Researchers have identified new genes that play a role in chronic obstructive pulmonary disease (COPD) and other lung-associated diseases, such as asthma and pulmonary fibrosis.
In a large consortium study led by Boston’s Brigham and Women’s Hospital (BWH), researchers described 13 new genetic markers that have not been associated with COPD before; four of these had not yet been linked to any lung function or trait, even in control cases.
“We are excited about these findings because we have not only uncovered new genetic risk factors for COPD, but also shown overlap of COPD genetic risk with the risk to asthma and pulmonary fibrosis,” said Brian Hobbs, MD, MMSc, lead scientist of the study, in a news release.
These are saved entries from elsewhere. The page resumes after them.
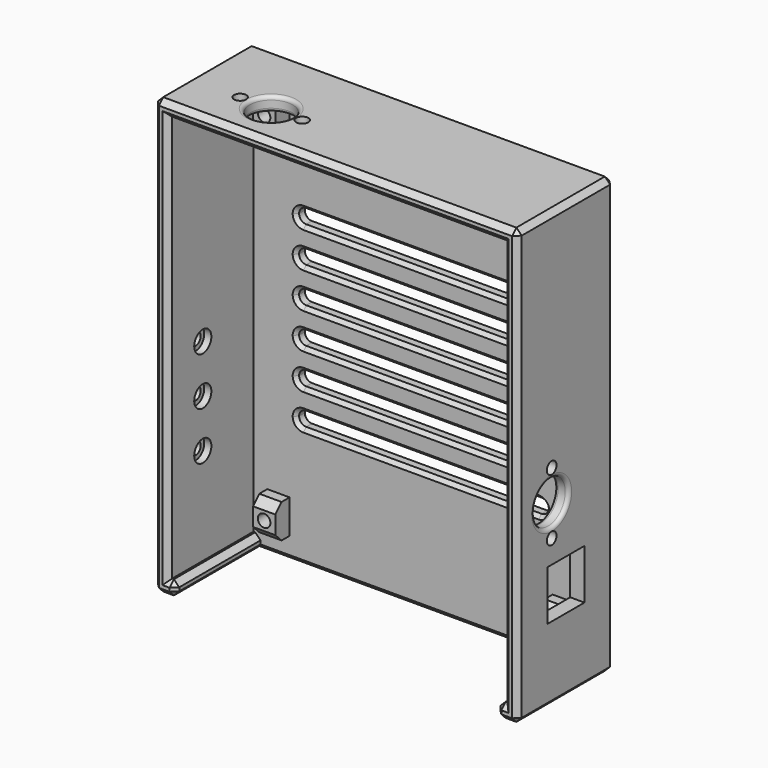
from build123d import *

# Parameters (mm, degrees)
F0_W      = 6.25
F0_H      = 9.5
F0_W_2    = 70
F0_H_2    = 4
F0_W_3    = 90
F1_DEPTH  = 4
F0_R      = 1.75
F2_DEPTH  = 9
F3_SIZE   = 2.2
F4_R      = 1.99999
F5_DEPTH  = 34
F6_DEPTH  = 4
F7_W      = 13
F7_H      = 14
F7_R      = 6
F7_R_2    = 1.7
F8_DEPTH  = 5
F9_R      = 6
F9_R_2    = 1.7
F10_DEPTH = 5
F11_SIZE  = 1.5
F12_SIZE  = 1
F13_R     = 0.99999
F14_R     = 1.75
F15_DEPTH = 5
F14_R_2   = 3
F16_DEPTH = 2


# Not quite as in the source:
# - a fillet or chamfer is up to 0.001 mm smaller than in the source, because OpenCascade refuses the exact size


with BuildPart() as f1:
    # F0 (on Front) → F1 (new body)
    with BuildSketch(Plane.XZ):
        Polygon((-45, -57), (45, -57), (47, -57), (47, 57), (-47, 57), (-47, -57), align=None)
        with Locations((-40, -50)):
            Rectangle(F0_W, F0_H, mode=Mode.SUBTRACT)
        with Locations((40, -50)):
            Rectangle(F0_W, F0_H, mode=Mode.SUBTRACT)
        with Locations((0, -25)):
            Rectangle(F0_W_2, F0_H_2, mode=Mode.SUBTRACT)
        with Locations((0, -15)):
            Rectangle(F0_W_2, F0_H_2, mode=Mode.SUBTRACT)
        with Locations((0, -5)):
            Rectangle(F0_W_2, F0_H_2, mode=Mode.SUBTRACT)
        with Locations((-40, 50)):
            Rectangle(F0_W, F0_H, mode=Mode.SUBTRACT)
        with Locations((0, 5)):
            Rectangle(F0_W_2, F0_H_2, mode=Mode.SUBTRACT)
        with Locations((0, 15)):
            Rectangle(F0_W_2, F0_H_2, mode=Mode.SUBTRACT)
        with Locations((0, 25)):
            Rectangle(F0_W_2, F0_H_2, mode=Mode.SUBTRACT)
        with Locations((40, 50)):
            Rectangle(F0_W, F0_H, mode=Mode.SUBTRACT)
        with Locations((0, -59)):
            Rectangle(F0_W_3, F0_H_2)
    extrude(amount=F1_DEPTH)

    # F0 (on Front) → F2 (join)
    with BuildSketch(Plane.XZ):
        with Locations((40, -50)):
            Rectangle(F0_W, F0_H)
        Polygon((40, -46.4492958445), (43.075, -48.2246479222), (43.075, -51.7753520778), (40, -53.5507041555), (36.925, -51.7753520778), (36.925, -48.2246479222), align=None, mode=Mode.SUBTRACT)
        with Locations((-40, -50)):
            Rectangle(F0_W, F0_H)
        Polygon((-40, -46.4492958445), (-36.925, -48.2246479222), (-36.925, -51.7753520778), (-40, -53.5507041555), (-43.075, -51.7753520778), (-43.075, -48.2246479222), align=None, mode=Mode.SUBTRACT)
        with Locations((-40, 50)):
            Rectangle(F0_W, F0_H)
        Polygon((-40, 53.5507041555), (-36.925, 51.7753520778), (-36.925, 48.2246479222), (-40, 46.4492958445), (-43.075, 48.2246479222), (-43.075, 51.7753520778), align=None, mode=Mode.SUBTRACT)
        with Locations((40, 50)):
            Rectangle(F0_W, F0_H)
        Polygon((40, 46.4492958445), (36.925, 48.2246479222), (36.925, 51.7753520778), (40, 53.5507041555), (43.075, 51.7753520778), (43.075, 48.2246479222), align=None, mode=Mode.SUBTRACT)
        Polygon((-36.925, -51.7753520778), (-36.925, -48.2246479222), (-40, -46.4492958445), (-43.075, -48.2246479222), (-43.075, -51.7753520778), (-40, -53.5507041555), align=None)
        with Locations((-40, -50)):
            Circle(F0_R, mode=Mode.SUBTRACT)
        Polygon((43.075, -51.7753520778), (43.075, -48.2246479222), (40, -46.4492958445), (36.925, -48.2246479222), (36.925, -51.7753520778), (40, -53.5507041555), align=None)
        with Locations((40, -50)):
            Circle(F0_R, mode=Mode.SUBTRACT)
        Polygon((36.925, 51.7753520778), (36.925, 48.2246479222), (40, 46.4492958445), (43.075, 48.2246479222), (43.075, 51.7753520778), (40, 53.5507041555), align=None)
        with Locations((40, 50)):
            Circle(F0_R, mode=Mode.SUBTRACT)
        Polygon((-36.925, 48.2246479222), (-36.925, 51.7753520778), (-40, 53.5507041555), (-43.075, 51.7753520778), (-43.075, 48.2246479222), (-40, 46.4492958445), align=None)
        with Locations((-40, 50)):
            Circle(F0_R, mode=Mode.SUBTRACT)
    extrude(amount=F2_DEPTH)

    # F3
    f3_edges = [f1.edges().sort_by_distance(p)[0] for p in [
        (-40, -9, -45.25),
        (-40, -9, -54.75),
        (40, -9, -45.25),
        (40, -9, -54.75),
        (-40, -9, 54.75),
        (-40, -9, 45.25),
        (40, -9, 54.75),
        (40, -9, 45.25),
    ]]
    chamfer(f3_edges, length=F3_SIZE)

    # F4 (radius 2 in the source; OpenCascade refuses exactly that, so slightly less here)
    f4_edges = [f1.edges().sort_by_distance(p)[0] for p in [
        (35, -2, -27),
        (35, -2, -23),
        (35, -2, -13),
        (35, -2, -3),
        (35, -2, 7),
        (35, -2, 17),
        (35, -2, 27),
        (-35, -2, 27),
        (-35, -2, 17),
        (-35, -2, 7),
        (-35, -2, -3),
        (-35, -2, -13),
        (-35, -2, -23),
        (35, -2, -17),
        (35, -2, -7),
        (35, -2, 3),
        (35, -2, 13),
        (35, -2, 23),
        (-35, -2, 23),
        (-35, -2, 13),
        (-35, -2, 3),
        (-35, -2, -7),
        (-35, -2, -17),
        (-35, -2, -27),
    ]]
    fillet(f4_edges, radius=F4_R)

    # F0 (on Front) → F5 (join)
    with BuildSketch(Plane.XZ):
        Polygon((45, -61), (51, -61), (51, 61), (-51, 61), (-51, -61), (-45, -61), (-45, -57), (-47, -57), (-47, 57), (47, 57), (47, -57), (45, -57), align=None)
    extrude(amount=F5_DEPTH)

    # F0 (on Front) → F6 (cut)
    with BuildSketch(Plane.XZ):
        Polygon((36.925, 51.7753520778), (36.925, 48.2246479222), (40, 46.4492958445), (43.075, 48.2246479222), (43.075, 51.7753520778), (40, 53.5507041555), align=None)
        with Locations((40, 50)):
            Circle(F0_R, mode=Mode.SUBTRACT)
        Polygon((-36.925, 48.2246479222), (-36.925, 51.7753520778), (-40, 53.5507041555), (-43.075, 51.7753520778), (-43.075, 48.2246479222), (-40, 46.4492958445), align=None)
        with Locations((-40, 50)):
            Circle(F0_R, mode=Mode.SUBTRACT)
        Polygon((43.075, -51.7753520778), (43.075, -48.2246479222), (40, -46.4492958445), (36.925, -48.2246479222), (36.925, -51.7753520778), (40, -53.5507041555), align=None)
        with Locations((40, -50)):
            Circle(F0_R, mode=Mode.SUBTRACT)
        Polygon((-36.925, -51.7753520778), (-36.925, -48.2246479222), (-40, -46.4492958445), (-43.075, -48.2246479222), (-43.075, -51.7753520778), (-40, -53.5507041555), align=None)
        with Locations((-40, -50)):
            Circle(F0_R, mode=Mode.SUBTRACT)
    extrude(amount=F6_DEPTH, mode=Mode.SUBTRACT)

    # F7 (on face) → F8 (cut)
    with BuildSketch(Plane(origin=(47, 0, 0), x_dir=(0, -1, 0), z_dir=(-1, 0, 0))):
        with Locations((17, -33)):
            Rectangle(F7_W, F7_H)
        with Locations((22, -10.7700689131)):
            Circle(F7_R)
        with Locations((22, -19.4700689131)):
            Circle(F7_R_2)
        with Locations((22, -2.0700689131)):
            Circle(F7_R_2)
    extrude(amount=-F8_DEPTH, mode=Mode.SUBTRACT)

    # F9 (on face) → F10 (cut)
    with BuildSketch(Plane.XY.offset(61)):
        with Locations((-27.6179584248, -22)):
            Circle(F9_R)
        with Locations((-36.3179584248, -22)):
            Circle(F9_R_2)
        with Locations((-18.9179584248, -22)):
            Circle(F9_R_2)
    extrude(amount=-F10_DEPTH, mode=Mode.SUBTRACT)

    # F11
    f11_edges = [f1.edges().sort_by_distance(p)[0] for p in [
        (51, 0, 0),
        (51, -17, 61),
        (51, -34, 0),
        (0, -34, 61),
        (0, 0, 61),
        (-51, 0, 0),
        (-51, -17, 61),
        (-51, -34, 0),
        (-51, -17, -61),
        (0, 0, -61),
        (51, -17, -61),
        (45, -19, -61),
        (48, -34, -61),
        (-48, -34, -61),
        (47, -34, 0),
        (0, -34, 57),
        (-47, -34, 0),
        (46, -34, -57),
        (45, -34, -59),
        (-46, -34, -57),
        (-45, -19, -57),
        (-45, -19, -61),
        (-45, -34, -59),
        (0, -4, -61),
        (45, -19, -57),
    ]]
    chamfer(f11_edges, length=F11_SIZE)

    # F12
    f12_edges = [f1.edges().sort_by_distance(p)[0] for p in [
        (0, -4, -27),
        (-34.414216, -4, -23.585784),
        (0, -4, -23),
        (34.414216, -4, -26.414216),
        (34.414216, -4, -16.414216),
        (0, -4, -17),
        (0, -4, -13),
        (-34.414216, -4, -13.585784),
        (0, -4, -7),
        (-34.414216, -4, -3.585784),
        (34.414216, -4, -6.414216),
        (0, -4, -3),
        (0, -4, 3),
        (34.414216, -4, 3.585784),
        (0, -4, 7),
        (-34.414216, -4, 6.414216),
        (0, -4, 13),
        (-34.414216, -4, 16.414216),
        (34.414216, -4, 13.585784),
        (0, -4, 17),
        (0, -4, 23),
        (34.414216, -4, 23.585784),
        (0, -4, 27),
        (-34.414216, -4, 26.414216),
        (0, 0, -27),
        (34.414216, 0, -26.414216),
        (0, 0, -23),
        (-34.414216, 0, -23.585784),
        (-34.414216, 0, -13.585784),
        (0, 0, -17),
        (34.414216, 0, -16.414216),
        (0, 0, -13),
        (0, 0, -7),
        (34.414216, 0, -6.414216),
        (0, 0, -3),
        (-34.414216, 0, -3.585784),
        (-34.414216, 0, 6.414216),
        (0, 0, 3),
        (0, 0, 7),
        (34.414216, 0, 3.585784),
        (0, 0, 13),
        (34.414216, 0, 13.585784),
        (0, 0, 17),
        (-34.414216, 0, 16.414216),
        (0, 0, 23),
        (-34.414216, 0, 26.414216),
        (0, 0, 27),
        (34.414216, 0, 23.585784),
    ]]
    chamfer(f12_edges, length=F12_SIZE)

    # F13 (radius 1 in the source; OpenCascade refuses exactly that, so slightly less here)
    f13_edges = [f1.edges().sort_by_distance(p)[0] for p in [
        (51, -16, -10.770069),
        (47, -16, -10.770069),
        (-33.617958, -22, 61),
        (-33.617958, -22, 57),
    ]]
    fillet(f13_edges, radius=F13_R)

    # F14 (on face) → F15 (cut)
    with BuildSketch(Plane.YZ.offset(-47)):
        with Locations((-21.75, -2.85)):
            Circle(F14_R)
        with Locations((-21.75, -16.35)):
            Circle(F14_R)
        with Locations((-21.75, -29.85)):
            Circle(F14_R)
    extrude(amount=-F15_DEPTH, mode=Mode.SUBTRACT)

    # F14 (on face) → F16 (cut)
    with BuildSketch(Plane.YZ.offset(-47)):
        with Locations((-21.75, -29.85)):
            Circle(F14_R_2)
        with Locations((-21.75, -29.85)):
            Circle(F14_R, mode=Mode.SUBTRACT)
        with Locations((-21.75, -16.35)):
            Circle(F14_R_2)
        with Locations((-21.75, -16.35)):
            Circle(F14_R, mode=Mode.SUBTRACT)
        with Locations((-21.75, -2.85)):
            Circle(F14_R_2)
        with Locations((-21.75, -2.85)):
            Circle(F14_R, mode=Mode.SUBTRACT)
    extrude(amount=-F16_DEPTH, mode=Mode.SUBTRACT)


solid = f1.part
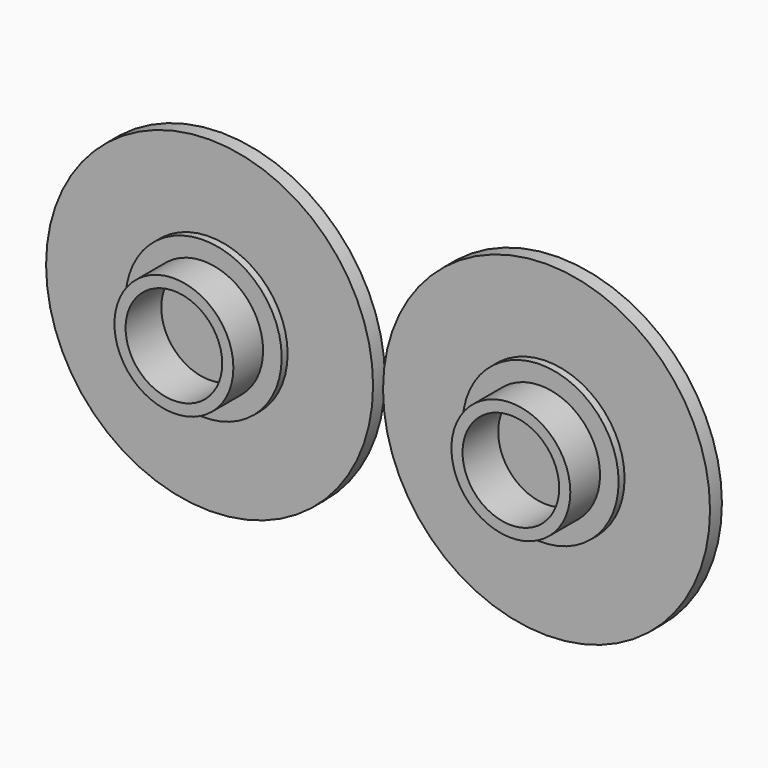
from build123d import *

# Parameters (mm, degrees)
F0_R     = 11
F0_R_2   = 5.25
F1_DEPTH = 1
F0_R_3   = 3.25
F0_R_4   = 4
F2_DEPTH = 1.5
F3_DEPTH = 4


with BuildPart() as f1:
    # F0 (on Front) → F1 (new body)
    with BuildSketch(Plane.XZ):
        Circle(F0_R)
        Circle(F0_R_2, mode=Mode.SUBTRACT)
    extrude(amount=F1_DEPTH)

    # F0 (on Front) → F2 (join)
    with BuildSketch(Plane.XZ):
        Circle(F0_R_2)
        Circle(F0_R_4, mode=Mode.SUBTRACT)
    extrude(amount=F2_DEPTH)


with BuildPart() as f1b:
    # F0 (on Front) → F1, piece 2 (new body)
    with BuildSketch(Plane.XZ):
        Circle(F0_R_3)
    extrude(amount=F1_DEPTH)


with BuildPart() as f1c:
    # F0 (on Front) → F1, piece 3 (new body)
    with BuildSketch(Plane.XZ):
        with Locations((-22.6695239544, 0)):
            Circle(F0_R)
        with Locations((-22.6695239544, 0)):
            Circle(F0_R_2, mode=Mode.SUBTRACT)
    extrude(amount=F1_DEPTH)


with BuildPart() as f1d:
    # F0 (on Front) → F1, piece 4 (new body)
    with BuildSketch(Plane.XZ):
        with Locations((-22.6695239544, 0)):
            Circle(F0_R_3)
    extrude(amount=F1_DEPTH)


with BuildPart() as f2:
    # F0 (on Front) → F2, piece 2 (new body)
    with BuildSketch(Plane.XZ):
        with Locations((-22.6695239544, 0)):
            Circle(F0_R_2)
        with Locations((-22.6695239544, 0)):
            Circle(F0_R_4, mode=Mode.SUBTRACT)
    extrude(amount=F2_DEPTH)


with BuildPart() as f3:
    # F0 (on Front) → F3 (new body)
    with BuildSketch(Plane.XZ):
        Circle(F0_R_4)
        Circle(F0_R_3, mode=Mode.SUBTRACT)
    extrude(amount=F3_DEPTH)


with BuildPart() as f3b:
    # F0 (on Front) → F3, piece 2 (new body)
    with BuildSketch(Plane.XZ):
        with Locations((-22.6695239544, 0)):
            Circle(F0_R_4)
        with Locations((-22.6695239544, 0)):
            Circle(F0_R_3, mode=Mode.SUBTRACT)
    extrude(amount=F3_DEPTH)


solid = Compound([f1.part, f1b.part, f1c.part, f1d.part, f2.part, f3.part, f3b.part])
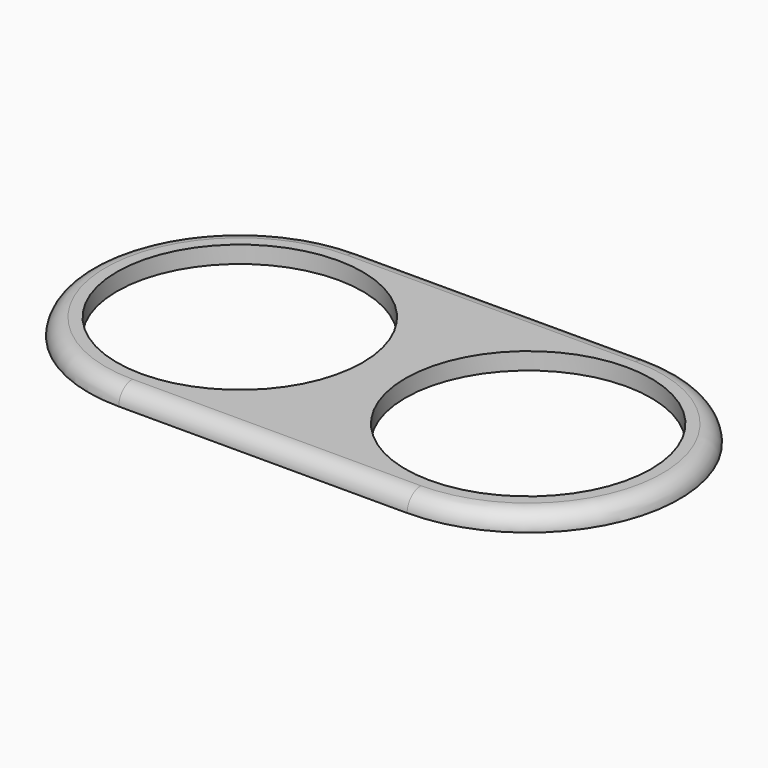
from build123d import *

# Parameters (mm, degrees)
F1_DEPTH = 7.62
F2_R     = 7.61999


# Not quite as in the source:
# - a fillet or chamfer is up to 0.001 mm smaller than in the source, because OpenCascade refuses the exact size


with BuildPart() as f1:
    # F0 (on Top) → F1 (new body)
    with BuildSketch(Plane.XY):
        with BuildLine():
            ThreePointArc((64.2620003332, -67.437), (131.6990003332, 0), (64.2620003332, 67.437))
            Line((64.2620003332, 67.437), (-64.2620003332, 67.437))
            ThreePointArc((-64.2620003332, 67.437), (-131.6990003332, 0), (-64.2620003332, -67.437))
            Line((-64.2620003332, -67.437), (64.2620003332, -67.437))
        make_face()
        with BuildLine():
            Line((-64.2620003332, 54.737), (64.2620003332, 54.737))
            ThreePointArc((64.2620003332, 54.737), (118.9990003332, 0), (64.2620003332, -54.737))
            Line((64.2620003332, -54.737), (-64.2620003332, -54.737))
            ThreePointArc((-64.2620003332, -54.737), (-118.9990003332, 0), (-64.2620003332, 54.737))
        make_face(mode=Mode.SUBTRACT)
        with BuildLine():
            ThreePointArc((64.2620003332, -54.737), (9.5250003332, 0), (64.2620003332, 54.737))
            Line((64.2620003332, 54.737), (-64.2620003332, 54.737))
            ThreePointArc((-64.2620003332, 54.737), (-9.5250003332, 0), (-64.2620003332, -54.737))
            Line((-64.2620003332, -54.737), (64.2620003332, -54.737))
        make_face()
    extrude(amount=F1_DEPTH)

    # F2 (radius 7.62 in the source; OpenCascade refuses exactly that, so slightly less here)
    f2_edges = [f1.edges().sort_by_distance(p)[0] for p in [
        (-131.699, 0, 7.62),
    ]]
    fillet(f2_edges, radius=F2_R)


solid = f1.part

In the study, “Genetic loci associated with chronic obstructive pulmonary disease overlap with loci for lung function and pulmonary fibrosis,” published in the journal Nature Genetics, researchers conducted a genetic association study with 15,256 cases and 47,936 controls. The results were replicated in a smaller cohort group (9,498 cases and 9,748 controls).
The team identified 22 genetic regions associated with COPD, of which 13 represented new associations with the disease. Nine of the newly discovered genetic regions were known to play roles in lung function in the general population, but not in COPD.
Two of the regions were previously reported to have an association with pulmonary fibrosis; however, genetic variants in these regions increased the risk for COPD and decreased the risk for pulmonary fibrosis.
“Now that we know there are new regions of the genome associated with COPD, we can build on this research by probing new biological pathways with the ultimate goal of improving therapies for our patients with this [and other] disease,” Hobbs said.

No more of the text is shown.